I don’t know how they do it, but in my role, it happens only every now
and then.” “And,” I said, “I don’t face it alone. As a part of a faith community, I have a deep
sense of how we face it together, never alone, never just me. I also remember it is not my job to fix
people, just to help them remember God is present.” I became aware others were now listening to
us. “And I’m grateful to have a deep, personal
spiritual life to draw on.” We chatted a bit more and as he finished his purchase
I said, “Enjoy your fajitas.” And in
that moment, I sensed the wind of the Spirit was blowing and I felt whole.

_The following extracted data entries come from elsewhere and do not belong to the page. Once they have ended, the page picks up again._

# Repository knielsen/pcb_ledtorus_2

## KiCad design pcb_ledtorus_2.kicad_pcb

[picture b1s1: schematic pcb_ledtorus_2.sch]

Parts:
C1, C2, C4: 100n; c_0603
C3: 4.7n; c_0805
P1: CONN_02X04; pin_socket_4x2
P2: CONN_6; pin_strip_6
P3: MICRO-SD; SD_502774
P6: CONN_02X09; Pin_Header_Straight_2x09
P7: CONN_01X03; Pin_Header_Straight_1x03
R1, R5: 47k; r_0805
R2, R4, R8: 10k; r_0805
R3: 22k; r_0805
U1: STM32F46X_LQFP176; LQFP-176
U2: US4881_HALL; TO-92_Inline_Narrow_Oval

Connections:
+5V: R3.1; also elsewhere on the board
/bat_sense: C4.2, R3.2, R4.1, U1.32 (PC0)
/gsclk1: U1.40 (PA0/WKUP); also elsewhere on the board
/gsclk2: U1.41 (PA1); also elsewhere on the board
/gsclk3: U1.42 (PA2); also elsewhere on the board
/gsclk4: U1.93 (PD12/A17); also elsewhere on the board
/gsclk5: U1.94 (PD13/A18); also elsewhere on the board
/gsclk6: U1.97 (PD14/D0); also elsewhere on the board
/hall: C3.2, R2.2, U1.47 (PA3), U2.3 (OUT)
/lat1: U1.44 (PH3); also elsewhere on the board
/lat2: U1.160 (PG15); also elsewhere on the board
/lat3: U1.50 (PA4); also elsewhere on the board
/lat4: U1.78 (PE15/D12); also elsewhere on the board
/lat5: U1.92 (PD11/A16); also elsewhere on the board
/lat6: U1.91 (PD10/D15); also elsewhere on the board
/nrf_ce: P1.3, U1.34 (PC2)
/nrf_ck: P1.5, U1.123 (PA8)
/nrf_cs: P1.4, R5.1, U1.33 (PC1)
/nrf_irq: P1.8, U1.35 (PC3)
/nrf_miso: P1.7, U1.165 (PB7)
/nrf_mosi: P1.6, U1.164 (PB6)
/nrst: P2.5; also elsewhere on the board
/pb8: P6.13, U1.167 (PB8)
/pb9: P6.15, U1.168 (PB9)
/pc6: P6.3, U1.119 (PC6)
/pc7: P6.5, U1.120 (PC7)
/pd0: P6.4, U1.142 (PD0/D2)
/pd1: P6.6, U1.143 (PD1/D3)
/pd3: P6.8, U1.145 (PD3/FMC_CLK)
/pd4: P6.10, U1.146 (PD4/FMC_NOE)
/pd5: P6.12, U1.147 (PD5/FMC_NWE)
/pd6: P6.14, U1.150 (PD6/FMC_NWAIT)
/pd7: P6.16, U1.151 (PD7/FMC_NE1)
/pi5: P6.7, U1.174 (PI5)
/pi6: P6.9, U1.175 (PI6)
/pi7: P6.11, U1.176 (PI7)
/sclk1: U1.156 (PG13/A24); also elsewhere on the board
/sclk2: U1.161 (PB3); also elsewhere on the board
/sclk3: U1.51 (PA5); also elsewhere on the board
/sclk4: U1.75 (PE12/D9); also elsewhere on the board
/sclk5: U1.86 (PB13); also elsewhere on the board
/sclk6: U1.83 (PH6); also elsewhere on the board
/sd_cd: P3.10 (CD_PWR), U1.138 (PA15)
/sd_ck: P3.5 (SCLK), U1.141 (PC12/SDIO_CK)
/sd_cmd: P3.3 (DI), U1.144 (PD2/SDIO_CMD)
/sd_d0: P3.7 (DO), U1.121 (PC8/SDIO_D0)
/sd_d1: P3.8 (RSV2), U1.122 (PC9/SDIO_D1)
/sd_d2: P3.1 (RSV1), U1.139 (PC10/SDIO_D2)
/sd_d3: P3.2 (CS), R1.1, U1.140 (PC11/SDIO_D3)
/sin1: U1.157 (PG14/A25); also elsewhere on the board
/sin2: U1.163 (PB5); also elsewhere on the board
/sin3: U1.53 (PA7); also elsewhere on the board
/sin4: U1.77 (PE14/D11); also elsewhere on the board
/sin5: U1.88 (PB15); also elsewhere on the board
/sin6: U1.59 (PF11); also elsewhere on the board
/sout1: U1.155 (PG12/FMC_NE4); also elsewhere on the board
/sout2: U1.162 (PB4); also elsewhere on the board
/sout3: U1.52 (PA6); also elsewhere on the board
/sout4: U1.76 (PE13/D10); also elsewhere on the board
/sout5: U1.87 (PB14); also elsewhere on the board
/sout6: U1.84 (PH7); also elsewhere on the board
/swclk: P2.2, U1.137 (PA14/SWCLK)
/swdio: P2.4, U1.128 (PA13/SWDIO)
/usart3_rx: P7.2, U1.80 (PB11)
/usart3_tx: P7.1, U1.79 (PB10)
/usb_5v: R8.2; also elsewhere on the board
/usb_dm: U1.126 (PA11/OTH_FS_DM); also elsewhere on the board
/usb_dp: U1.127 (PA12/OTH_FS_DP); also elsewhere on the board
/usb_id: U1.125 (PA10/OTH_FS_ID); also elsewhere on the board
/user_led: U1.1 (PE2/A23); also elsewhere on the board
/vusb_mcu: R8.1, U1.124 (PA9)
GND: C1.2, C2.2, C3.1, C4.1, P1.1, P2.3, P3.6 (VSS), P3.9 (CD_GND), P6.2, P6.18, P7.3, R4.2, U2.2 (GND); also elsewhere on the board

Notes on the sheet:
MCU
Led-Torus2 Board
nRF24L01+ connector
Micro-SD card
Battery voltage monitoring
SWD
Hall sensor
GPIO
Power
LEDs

Coming home the next night after another
visit, once again I was in a grocery store (this time Lidl’s). As I checked out, I heard the most wonderful
sound of a child’s laughter behind me. I
turned and saw a young father holding his son in his arms. I couldn’t help but smile and laugh a little
myself. The father recognized I was
entertained. He was buying only two
quarts of milk, so I said to the cashier, “I’d like to pay for his milk” and so
I did. The father thanked me and extended
his hand to shake mine. “I’m Anthony,”
he said, “and this is Eric.” Little Eric
shook my hand as well and I said, “It’s nice to meet you.” I saw he was wearing a t-shirt with a caricature
of an animated Smore. “Do you like
Smores?” I asked, and he smiled broadly and nodded with enthusiasm. “Me too,” I said and then wished them a good
night. And I felt it again. The wind.
That wind once again was exactly what I needed and I still feel like a
kite dancing on the breeze of God’s presence in that moment.
So this is how I lived this past week with
today’s Gospel reading. Thank you for
listening to me ramble on about it. I
only pray to you it feels like the wind of God blowing over you as it will.